→ **Input material**
++++++

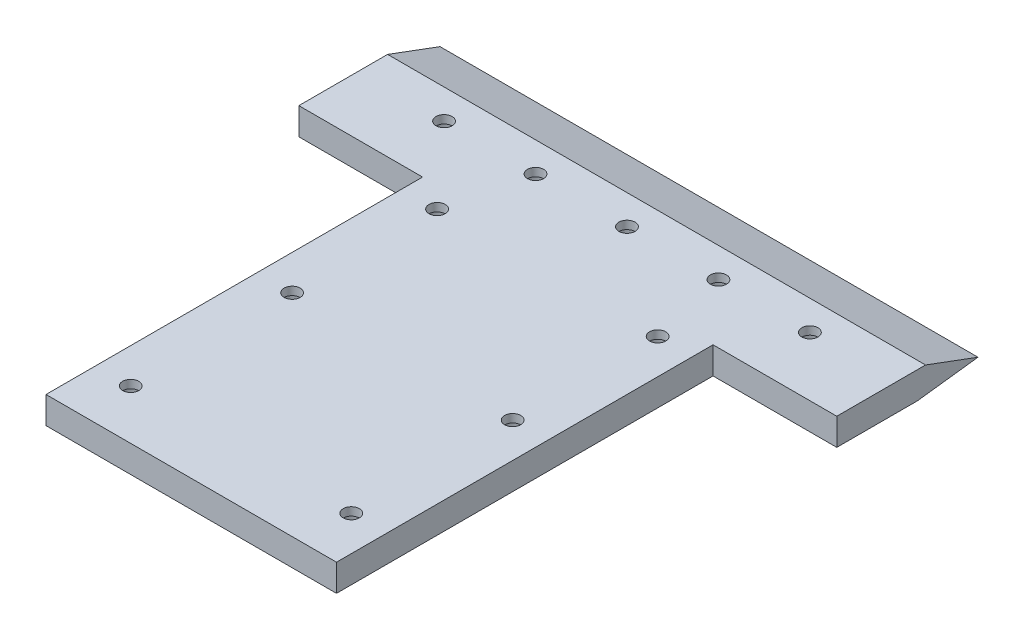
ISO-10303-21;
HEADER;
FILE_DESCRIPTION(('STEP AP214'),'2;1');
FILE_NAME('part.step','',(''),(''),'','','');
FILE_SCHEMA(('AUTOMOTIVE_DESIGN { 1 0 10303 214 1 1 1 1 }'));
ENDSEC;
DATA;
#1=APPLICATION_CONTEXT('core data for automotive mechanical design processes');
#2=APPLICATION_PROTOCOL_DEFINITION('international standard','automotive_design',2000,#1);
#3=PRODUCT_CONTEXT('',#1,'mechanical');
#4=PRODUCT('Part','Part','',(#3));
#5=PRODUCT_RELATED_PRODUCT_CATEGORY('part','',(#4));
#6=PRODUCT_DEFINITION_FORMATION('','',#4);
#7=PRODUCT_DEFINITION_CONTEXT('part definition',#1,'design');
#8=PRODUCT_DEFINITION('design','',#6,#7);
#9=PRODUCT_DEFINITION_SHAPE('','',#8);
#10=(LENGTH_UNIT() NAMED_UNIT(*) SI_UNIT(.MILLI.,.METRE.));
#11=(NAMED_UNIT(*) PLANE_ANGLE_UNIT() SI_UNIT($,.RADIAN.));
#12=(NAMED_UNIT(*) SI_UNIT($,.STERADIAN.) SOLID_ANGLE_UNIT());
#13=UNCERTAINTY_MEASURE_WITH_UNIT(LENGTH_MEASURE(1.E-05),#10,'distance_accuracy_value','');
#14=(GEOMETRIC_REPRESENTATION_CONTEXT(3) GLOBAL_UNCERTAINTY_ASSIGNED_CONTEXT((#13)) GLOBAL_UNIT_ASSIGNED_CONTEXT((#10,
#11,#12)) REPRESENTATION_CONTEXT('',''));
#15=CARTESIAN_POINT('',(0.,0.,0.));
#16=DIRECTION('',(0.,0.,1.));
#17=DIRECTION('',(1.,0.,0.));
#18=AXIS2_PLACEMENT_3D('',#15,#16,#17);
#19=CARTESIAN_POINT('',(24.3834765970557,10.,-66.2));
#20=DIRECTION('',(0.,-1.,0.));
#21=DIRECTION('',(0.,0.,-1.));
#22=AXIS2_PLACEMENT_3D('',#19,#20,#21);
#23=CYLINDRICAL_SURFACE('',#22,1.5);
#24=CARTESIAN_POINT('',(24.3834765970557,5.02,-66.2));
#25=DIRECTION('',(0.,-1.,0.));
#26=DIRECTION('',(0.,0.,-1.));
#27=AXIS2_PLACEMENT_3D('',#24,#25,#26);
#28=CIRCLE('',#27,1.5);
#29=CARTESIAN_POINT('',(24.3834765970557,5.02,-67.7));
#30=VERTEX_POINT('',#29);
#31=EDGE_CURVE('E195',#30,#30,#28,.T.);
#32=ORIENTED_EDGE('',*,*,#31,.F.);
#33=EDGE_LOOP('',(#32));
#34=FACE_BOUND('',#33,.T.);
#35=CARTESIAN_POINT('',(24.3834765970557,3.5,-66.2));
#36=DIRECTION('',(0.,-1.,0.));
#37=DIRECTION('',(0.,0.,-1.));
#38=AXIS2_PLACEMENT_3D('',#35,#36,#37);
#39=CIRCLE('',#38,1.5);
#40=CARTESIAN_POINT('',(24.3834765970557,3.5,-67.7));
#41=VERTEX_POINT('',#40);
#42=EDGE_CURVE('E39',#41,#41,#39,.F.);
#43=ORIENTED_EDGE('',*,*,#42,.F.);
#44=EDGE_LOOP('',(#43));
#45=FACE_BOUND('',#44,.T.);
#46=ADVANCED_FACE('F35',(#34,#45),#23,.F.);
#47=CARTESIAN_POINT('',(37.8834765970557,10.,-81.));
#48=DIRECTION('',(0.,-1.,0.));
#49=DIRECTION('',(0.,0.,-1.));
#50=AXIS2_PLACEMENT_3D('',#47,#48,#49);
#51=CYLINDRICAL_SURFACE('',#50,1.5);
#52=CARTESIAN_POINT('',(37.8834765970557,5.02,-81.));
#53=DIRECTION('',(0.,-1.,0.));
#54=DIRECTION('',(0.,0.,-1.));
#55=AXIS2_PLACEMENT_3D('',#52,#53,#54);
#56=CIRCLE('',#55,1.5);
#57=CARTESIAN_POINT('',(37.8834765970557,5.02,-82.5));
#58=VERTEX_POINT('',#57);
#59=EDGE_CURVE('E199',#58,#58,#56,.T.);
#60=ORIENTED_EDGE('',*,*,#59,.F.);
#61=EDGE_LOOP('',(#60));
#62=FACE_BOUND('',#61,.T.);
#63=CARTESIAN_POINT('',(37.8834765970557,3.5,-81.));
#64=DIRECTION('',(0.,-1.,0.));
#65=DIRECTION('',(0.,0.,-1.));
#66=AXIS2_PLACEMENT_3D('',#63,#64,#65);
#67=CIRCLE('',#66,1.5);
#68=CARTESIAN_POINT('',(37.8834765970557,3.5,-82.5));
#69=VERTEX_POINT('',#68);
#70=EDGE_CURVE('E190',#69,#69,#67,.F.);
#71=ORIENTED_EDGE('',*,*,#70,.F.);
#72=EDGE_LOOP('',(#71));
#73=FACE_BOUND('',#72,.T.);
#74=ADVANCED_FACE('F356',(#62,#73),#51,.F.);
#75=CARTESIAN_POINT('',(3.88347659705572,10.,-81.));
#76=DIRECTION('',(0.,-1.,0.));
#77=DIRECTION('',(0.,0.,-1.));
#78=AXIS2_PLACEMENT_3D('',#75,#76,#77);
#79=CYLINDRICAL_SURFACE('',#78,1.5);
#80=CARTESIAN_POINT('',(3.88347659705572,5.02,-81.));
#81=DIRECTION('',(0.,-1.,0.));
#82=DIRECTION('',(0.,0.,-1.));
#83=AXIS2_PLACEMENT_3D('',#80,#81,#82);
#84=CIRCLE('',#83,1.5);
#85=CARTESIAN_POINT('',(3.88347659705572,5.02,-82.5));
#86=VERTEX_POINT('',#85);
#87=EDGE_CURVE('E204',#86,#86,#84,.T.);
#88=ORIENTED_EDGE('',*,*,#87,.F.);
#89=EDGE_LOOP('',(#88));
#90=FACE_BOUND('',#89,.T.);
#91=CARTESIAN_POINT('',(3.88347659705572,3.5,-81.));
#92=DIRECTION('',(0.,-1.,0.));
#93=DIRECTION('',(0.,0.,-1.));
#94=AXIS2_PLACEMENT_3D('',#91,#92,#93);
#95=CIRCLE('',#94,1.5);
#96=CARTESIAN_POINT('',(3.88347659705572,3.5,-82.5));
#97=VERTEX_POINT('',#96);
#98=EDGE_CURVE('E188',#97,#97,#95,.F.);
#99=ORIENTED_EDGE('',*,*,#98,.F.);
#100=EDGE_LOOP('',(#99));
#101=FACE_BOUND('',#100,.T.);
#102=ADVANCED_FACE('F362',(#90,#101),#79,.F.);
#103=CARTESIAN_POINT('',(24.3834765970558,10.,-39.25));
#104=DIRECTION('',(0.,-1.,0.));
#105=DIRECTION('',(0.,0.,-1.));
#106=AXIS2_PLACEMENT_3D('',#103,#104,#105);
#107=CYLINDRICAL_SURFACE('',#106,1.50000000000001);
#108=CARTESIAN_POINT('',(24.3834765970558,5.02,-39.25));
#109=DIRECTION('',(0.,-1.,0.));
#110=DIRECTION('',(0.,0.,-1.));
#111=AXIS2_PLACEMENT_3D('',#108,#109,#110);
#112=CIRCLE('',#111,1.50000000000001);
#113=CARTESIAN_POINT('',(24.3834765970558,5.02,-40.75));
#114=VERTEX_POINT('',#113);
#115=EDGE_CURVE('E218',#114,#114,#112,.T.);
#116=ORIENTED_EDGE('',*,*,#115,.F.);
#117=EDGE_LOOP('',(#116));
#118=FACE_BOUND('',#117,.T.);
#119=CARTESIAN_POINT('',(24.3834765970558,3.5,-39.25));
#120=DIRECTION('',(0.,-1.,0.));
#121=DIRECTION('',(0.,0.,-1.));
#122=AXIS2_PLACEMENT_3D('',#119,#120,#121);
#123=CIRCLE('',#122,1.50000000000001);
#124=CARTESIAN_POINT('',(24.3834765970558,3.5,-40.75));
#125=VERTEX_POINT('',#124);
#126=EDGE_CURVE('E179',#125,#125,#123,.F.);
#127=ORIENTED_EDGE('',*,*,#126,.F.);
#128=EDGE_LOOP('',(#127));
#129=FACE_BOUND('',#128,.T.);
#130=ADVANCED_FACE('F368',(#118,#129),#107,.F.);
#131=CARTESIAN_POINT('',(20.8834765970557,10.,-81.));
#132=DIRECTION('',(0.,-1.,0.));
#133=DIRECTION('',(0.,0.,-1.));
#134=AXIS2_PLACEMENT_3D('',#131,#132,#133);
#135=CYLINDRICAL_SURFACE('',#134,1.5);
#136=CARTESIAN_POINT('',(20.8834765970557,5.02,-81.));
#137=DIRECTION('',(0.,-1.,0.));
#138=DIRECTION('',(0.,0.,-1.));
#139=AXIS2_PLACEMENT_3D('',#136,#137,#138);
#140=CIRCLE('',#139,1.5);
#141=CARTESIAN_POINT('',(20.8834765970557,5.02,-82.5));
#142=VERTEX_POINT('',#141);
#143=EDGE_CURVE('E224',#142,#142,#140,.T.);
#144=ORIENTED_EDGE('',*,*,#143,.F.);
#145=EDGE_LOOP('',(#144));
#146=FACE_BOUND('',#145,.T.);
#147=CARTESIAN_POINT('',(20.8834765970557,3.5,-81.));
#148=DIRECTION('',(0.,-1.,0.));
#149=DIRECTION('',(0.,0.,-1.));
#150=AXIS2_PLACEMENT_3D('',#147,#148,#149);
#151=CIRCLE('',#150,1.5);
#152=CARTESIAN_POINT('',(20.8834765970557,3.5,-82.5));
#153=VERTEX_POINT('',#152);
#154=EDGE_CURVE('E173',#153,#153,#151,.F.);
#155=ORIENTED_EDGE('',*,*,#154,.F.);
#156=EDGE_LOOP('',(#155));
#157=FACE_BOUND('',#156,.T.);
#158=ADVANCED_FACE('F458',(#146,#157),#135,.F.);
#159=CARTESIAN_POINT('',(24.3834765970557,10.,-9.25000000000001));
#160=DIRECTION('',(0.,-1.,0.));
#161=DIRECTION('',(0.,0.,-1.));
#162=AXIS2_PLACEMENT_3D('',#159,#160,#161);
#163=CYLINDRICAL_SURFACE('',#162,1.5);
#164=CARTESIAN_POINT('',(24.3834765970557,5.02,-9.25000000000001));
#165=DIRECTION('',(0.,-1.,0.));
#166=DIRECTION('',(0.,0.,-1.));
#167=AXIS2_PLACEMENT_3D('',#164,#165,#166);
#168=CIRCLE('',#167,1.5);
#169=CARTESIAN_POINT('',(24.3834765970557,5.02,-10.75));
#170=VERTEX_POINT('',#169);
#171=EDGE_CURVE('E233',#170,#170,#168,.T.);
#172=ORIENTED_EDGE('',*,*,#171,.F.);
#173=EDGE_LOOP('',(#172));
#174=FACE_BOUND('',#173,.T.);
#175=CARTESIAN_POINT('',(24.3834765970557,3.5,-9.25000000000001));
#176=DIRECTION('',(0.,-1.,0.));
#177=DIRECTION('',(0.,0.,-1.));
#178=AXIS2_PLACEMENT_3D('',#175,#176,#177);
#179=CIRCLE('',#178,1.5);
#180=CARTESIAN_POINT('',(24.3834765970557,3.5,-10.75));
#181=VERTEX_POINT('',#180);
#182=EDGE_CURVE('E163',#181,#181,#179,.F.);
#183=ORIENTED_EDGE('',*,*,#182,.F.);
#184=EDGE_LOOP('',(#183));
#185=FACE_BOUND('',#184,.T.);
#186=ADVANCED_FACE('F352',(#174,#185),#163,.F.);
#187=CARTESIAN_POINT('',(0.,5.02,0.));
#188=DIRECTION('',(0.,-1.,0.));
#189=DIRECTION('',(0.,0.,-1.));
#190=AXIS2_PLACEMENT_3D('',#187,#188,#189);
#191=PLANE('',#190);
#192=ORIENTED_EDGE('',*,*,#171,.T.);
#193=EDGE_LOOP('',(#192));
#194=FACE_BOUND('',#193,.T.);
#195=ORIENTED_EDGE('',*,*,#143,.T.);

++++++

→ **Task details**
From the entries above, restate word for word the lines from the line containing "#41=VERTEX_POINT('',#40);" to the line containing "#94=AXIS2_PLACEMENT_3D('',#91,#92,#93);", both ends included, and nothing more.

→ **Solution for this task**
#41=VERTEX_POINT('',#40);
#42=EDGE_CURVE('E39',#41,#41,#39,.F.);
#43=ORIENTED_EDGE('',*,*,#42,.F.);
#44=EDGE_LOOP('',(#43));
#45=FACE_BOUND('',#44,.T.);
#46=ADVANCED_FACE('F35',(#34,#45),#23,.F.);
#47=CARTESIAN_POINT('',(37.8834765970557,10.,-81.));
#48=DIRECTION('',(0.,-1.,0.));
#49=DIRECTION('',(0.,0.,-1.));
#50=AXIS2_PLACEMENT_3D('',#47,#48,#49);
#51=CYLINDRICAL_SURFACE('',#50,1.5);
#52=CARTESIAN_POINT('',(37.8834765970557,5.02,-81.));
#53=DIRECTION('',(0.,-1.,0.));
#54=DIRECTION('',(0.,0.,-1.));
#55=AXIS2_PLACEMENT_3D('',#52,#53,#54);
#56=CIRCLE('',#55,1.5);
#57=CARTESIAN_POINT('',(37.8834765970557,5.02,-82.5));
#58=VERTEX_POINT('',#57);
#59=EDGE_CURVE('E199',#58,#58,#56,.T.);
#60=ORIENTED_EDGE('',*,*,#59,.F.);
#61=EDGE_LOOP('',(#60));
#62=FACE_BOUND('',#61,.T.);
#63=CARTESIAN_POINT('',(37.8834765970557,3.5,-81.));
#64=DIRECTION('',(0.,-1.,0.));
#65=DIRECTION('',(0.,0.,-1.));
#66=AXIS2_PLACEMENT_3D('',#63,#64,#65);
#67=CIRCLE('',#66,1.5);
#68=CARTESIAN_POINT('',(37.8834765970557,3.5,-82.5));
#69=VERTEX_POINT('',#68);
#70=EDGE_CURVE('E190',#69,#69,#67,.F.);
#71=ORIENTED_EDGE('',*,*,#70,.F.);
#72=EDGE_LOOP('',(#71));
#73=FACE_BOUND('',#72,.T.);
#74=ADVANCED_FACE('F356',(#62,#73),#51,.F.);
#75=CARTESIAN_POINT('',(3.88347659705572,10.,-81.));
#76=DIRECTION('',(0.,-1.,0.));
#77=DIRECTION('',(0.,0.,-1.));
#78=AXIS2_PLACEMENT_3D('',#75,#76,#77);
#79=CYLINDRICAL_SURFACE('',#78,1.5);
#80=CARTESIAN_POINT('',(3.88347659705572,5.02,-81.));
#81=DIRECTION('',(0.,-1.,0.));
#82=DIRECTION('',(0.,0.,-1.));
#83=AXIS2_PLACEMENT_3D('',#80,#81,#82);
#84=CIRCLE('',#83,1.5);
#85=CARTESIAN_POINT('',(3.88347659705572,5.02,-82.5));
#86=VERTEX_POINT('',#85);
#87=EDGE_CURVE('E204',#86,#86,#84,.T.);
#88=ORIENTED_EDGE('',*,*,#87,.F.);
#89=EDGE_LOOP('',(#88));
#90=FACE_BOUND('',#89,.T.);
#91=CARTESIAN_POINT('',(3.88347659705572,3.5,-81.));
#92=DIRECTION('',(0.,-1.,0.));
#93=DIRECTION('',(0.,0.,-1.));
#94=AXIS2_PLACEMENT_3D('',#91,#92,#93);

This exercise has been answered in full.